(PROVIDED INFORMATION begins)
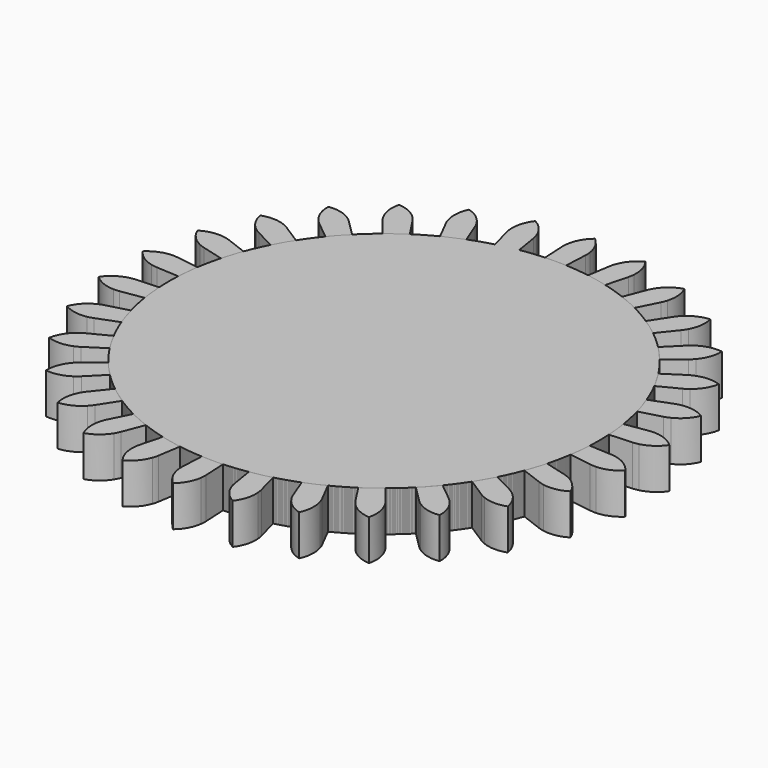
from build123d import *

# Parameters (mm, degrees)
F1_DEPTH = 0.5
F2_COUNT = 30


with BuildPart() as f1:
    # F0 (on Top) → F1 (new body)
    with BuildSketch(Plane.XY):
        with BuildLine():
            ThreePointArc((-0.1354396104, 2.6465366258), (-1.8253198394, -1.9211214131), (2.65, 0))
            ThreePointArc((2.65, 0), (2.2496901091, 1.4004979161), (1.1697023299, 2.3778764601))
            ThreePointArc((1.1697023299, 2.3778764601), (1.0512580514, 2.4325617175), (0.9302659747, 2.4813514899))
            ThreePointArc((0.9302659747, 2.4813514899), (0.5342933786, 2.5955790463), (0.1253986636, 2.6470313892))
            ThreePointArc((0.1253986636, 2.6470313892), (0.060204291, 2.6493160331), (-0.0050265645, 2.6499952328))
            ThreePointArc((-0.0050265645, 2.6499952328), (-0.070254374, 2.6490685765), (-0.1354396104, 2.6465366258))
        make_face()
        with BuildLine():
            Line((-0.0056904504, 2.9999946031), (-0.0050265645, 2.6499952328))
            ThreePointArc((-0.0050265645, 2.6499952328), (0.060204291, 2.6493160331), (0.1253986636, 2.6470313892))
            Line((0.1253986636, 2.6470313892), (0.1384951147, 2.9234834352))
            ThreePointArc((0.1384951147, 2.9234834352), (0.1385702752, 2.9602871406), (0.1353155846, 2.9969467284))
            ThreePointArc((0.1353155846, 2.9969467284), (0.0648304808, 2.9992994197), (-0.0056904504, 2.9999946031))
        make_face()
        with BuildLine():
            ThreePointArc((-0.1466839081, 2.996411826), (-0.0762082368, 2.9990318946), (-0.0056904504, 2.9999946031))
            Line((-0.0056904504, 2.9999946031), (-0.0061722418, 3.2539941462))
            ThreePointArc((-0.0061722418, 3.2539941462), (-0.1004855069, 3.1383263629), (-0.1466839081, 2.996411826))
        make_face()
        with BuildLine():
            Line((-0.0061722418, 3.2539941462), (-0.0056904504, 2.9999946031))
            ThreePointArc((-0.0056904504, 2.9999946031), (0.0648304808, 2.9992994197), (0.1353155846, 2.9969467284))
            ThreePointArc((0.1353155846, 2.9969467284), (0.088579145, 3.1386849846), (-0.0061722418, 3.2539941462))
        make_face()
        with BuildLine():
            Line((-0.1495847231, 2.9229369995), (-0.1354396104, 2.6465366258))
            ThreePointArc((-0.1354396104, 2.6465366258), (-0.070254374, 2.6490685765), (-0.0050265645, 2.6499952328))
            Line((-0.0050265645, 2.6499952328), (-0.0056904504, 2.9999946031))
            ThreePointArc((-0.0056904504, 2.9999946031), (-0.0762082368, 2.9990318946), (-0.1466839081, 2.996411826))
            ThreePointArc((-0.1466839081, 2.996411826), (-0.1497995026, 2.959740155), (-0.1495847231, 2.9229369995))
        make_face()
    extrude(amount=F1_DEPTH)


with BuildPart() as f2_1:
    # F2: instance of F1
    add(f1.part.rotate(Axis((0, 0, 0), (0, 0, -1)), 1 * 360 / F2_COUNT))


with BuildPart() as f2_2:
    # F2: instance of F1
    add(f1.part.rotate(Axis((0, 0, 0), (0, 0, -1)), 2 * 360 / F2_COUNT))


with BuildPart() as f2_3:
    # F2: instance of F1
    add(f1.part.rotate(Axis((0, 0, 0), (0, 0, -1)), 3 * 360 / F2_COUNT))


with BuildPart() as f2_4:
    # F2: instance of F1
    add(f1.part.rotate(Axis((0, 0, 0), (0, 0, -1)), 4 * 360 / F2_COUNT))


with BuildPart() as f2_5:
    # F2: instance of F1
    add(f1.part.rotate(Axis((0, 0, 0), (0, 0, -1)), 5 * 360 / F2_COUNT))


with BuildPart() as f2_6:
    # F2: instance of F1
    add(f1.part.rotate(Axis((0, 0, 0), (0, 0, -1)), 6 * 360 / F2_COUNT))


with BuildPart() as f2_7:
    # F2: instance of F1
    add(f1.part.rotate(Axis((0, 0, 0), (0, 0, -1)), 7 * 360 / F2_COUNT))


with BuildPart() as f2_8:
    # F2: instance of F1
    add(f1.part.rotate(Axis((0, 0, 0), (0, 0, -1)), 8 * 360 / F2_COUNT))


with BuildPart() as f2_9:
    # F2: instance of F1
    add(f1.part.rotate(Axis((0, 0, 0), (0, 0, -1)), 9 * 360 / F2_COUNT))


with BuildPart() as f2_10:
    # F2: instance of F1
    add(f1.part.rotate(Axis((0, 0, 0), (0, 0, -1)), 10 * 360 / F2_COUNT))


with BuildPart() as f2_11:
    # F2: instance of F1
    add(f1.part.rotate(Axis((0, 0, 0), (0, 0, -1)), 11 * 360 / F2_COUNT))


with BuildPart() as f2_12:
    # F2: instance of F1
    add(f1.part.rotate(Axis((0, 0, 0), (0, 0, -1)), 12 * 360 / F2_COUNT))


with BuildPart() as f2_13:
    # F2: instance of F1
    add(f1.part.rotate(Axis((0, 0, 0), (0, 0, -1)), 13 * 360 / F2_COUNT))


with BuildPart() as f2_14:
    # F2: instance of F1
    add(f1.part.rotate(Axis((0, 0, 0), (0, 0, -1)), 14 * 360 / F2_COUNT))


with BuildPart() as f2_15:
    # F2: instance of F1
    add(f1.part.rotate(Axis((0, 0, 0), (0, 0, -1)), 15 * 360 / F2_COUNT))


with BuildPart() as f2_16:
    # F2: instance of F1
    add(f1.part.rotate(Axis((0, 0, 0), (0, 0, -1)), 16 * 360 / F2_COUNT))


with BuildPart() as f2_17:
    # F2: instance of F1
    add(f1.part.rotate(Axis((0, 0, 0), (0, 0, -1)), 17 * 360 / F2_COUNT))


with BuildPart() as f2_18:
    # F2: instance of F1
    add(f1.part.rotate(Axis((0, 0, 0), (0, 0, -1)), 18 * 360 / F2_COUNT))


with BuildPart() as f2_19:
    # F2: instance of F1
    add(f1.part.rotate(Axis((0, 0, 0), (0, 0, -1)), 19 * 360 / F2_COUNT))


with BuildPart() as f2_20:
    # F2: instance of F1
    add(f1.part.rotate(Axis((0, 0, 0), (0, 0, -1)), 20 * 360 / F2_COUNT))


with BuildPart() as f2_21:
    # F2: instance of F1
    add(f1.part.rotate(Axis((0, 0, 0), (0, 0, -1)), 21 * 360 / F2_COUNT))


with BuildPart() as f2_22:
    # F2: instance of F1
    add(f1.part.rotate(Axis((0, 0, 0), (0, 0, -1)), 22 * 360 / F2_COUNT))


with BuildPart() as f2_23:
    # F2: instance of F1
    add(f1.part.rotate(Axis((0, 0, 0), (0, 0, -1)), 23 * 360 / F2_COUNT))


with BuildPart() as f2_24:
    # F2: instance of F1
    add(f1.part.rotate(Axis((0, 0, 0), (0, 0, -1)), 24 * 360 / F2_COUNT))


with BuildPart() as f2_25:
    # F2: instance of F1
    add(f1.part.rotate(Axis((0, 0, 0), (0, 0, -1)), 25 * 360 / F2_COUNT))


with BuildPart() as f2_26:
    # F2: instance of F1
    add(f1.part.rotate(Axis((0, 0, 0), (0, 0, -1)), 26 * 360 / F2_COUNT))


with BuildPart() as f2_27:
    # F2: instance of F1
    add(f1.part.rotate(Axis((0, 0, 0), (0, 0, -1)), 27 * 360 / F2_COUNT))


with BuildPart() as f2_28:
    # F2: instance of F1
    add(f1.part.rotate(Axis((0, 0, 0), (0, 0, -1)), 28 * 360 / F2_COUNT))


with BuildPart() as f2_29:
    # F2: instance of F1
    add(f1.part.rotate(Axis((0, 0, 0), (0, 0, -1)), 29 * 360 / F2_COUNT))


solid = Compound([f1.part, f2_1.part, f2_2.part, f2_3.part, f2_4.part, f2_5.part, f2_6.part, f2_7.part, f2_8.part, f2_9.part, f2_10.part, f2_11.part, f2_12.part, f2_13.part, f2_14.part, f2_15.part, f2_16.part, f2_17.part, f2_18.part, f2_19.part, f2_20.part, f2_21.part, f2_22.part, f2_23.part, f2_24.part, f2_25.part, f2_26.part, f2_27.part, f2_28.part, f2_29.part])
(PROVIDED INFORMATION ends)
- DIRECTIONS FOR THIS TASK -
Starting at the line above that holds "2.9992994197), (-0.0056904504, 2.9999946031))" and ending at the line that holds "3.1386849846), (-0.0061722418, 3.2539941462))", transcribe each line exactly and include no other lines.

- OUTPUT -
            ThreePointArc((0.1353155846, 2.9969467284), (0.0648304808, 2.9992994197), (-0.0056904504, 2.9999946031))
        make_face()
        with BuildLine():
            ThreePointArc((-0.1466839081, 2.996411826), (-0.0762082368, 2.9990318946), (-0.0056904504, 2.9999946031))
            Line((-0.0056904504, 2.9999946031), (-0.0061722418, 3.2539941462))
            ThreePointArc((-0.0061722418, 3.2539941462), (-0.1004855069, 3.1383263629), (-0.1466839081, 2.996411826))
        make_face()
        with BuildLine():
            Line((-0.0061722418, 3.2539941462), (-0.0056904504, 2.9999946031))
            ThreePointArc((-0.0056904504, 2.9999946031), (0.0648304808, 2.9992994197), (0.1353155846, 2.9969467284))
            ThreePointArc((0.1353155846, 2.9969467284), (0.088579145, 3.1386849846), (-0.0061722418, 3.2539941462))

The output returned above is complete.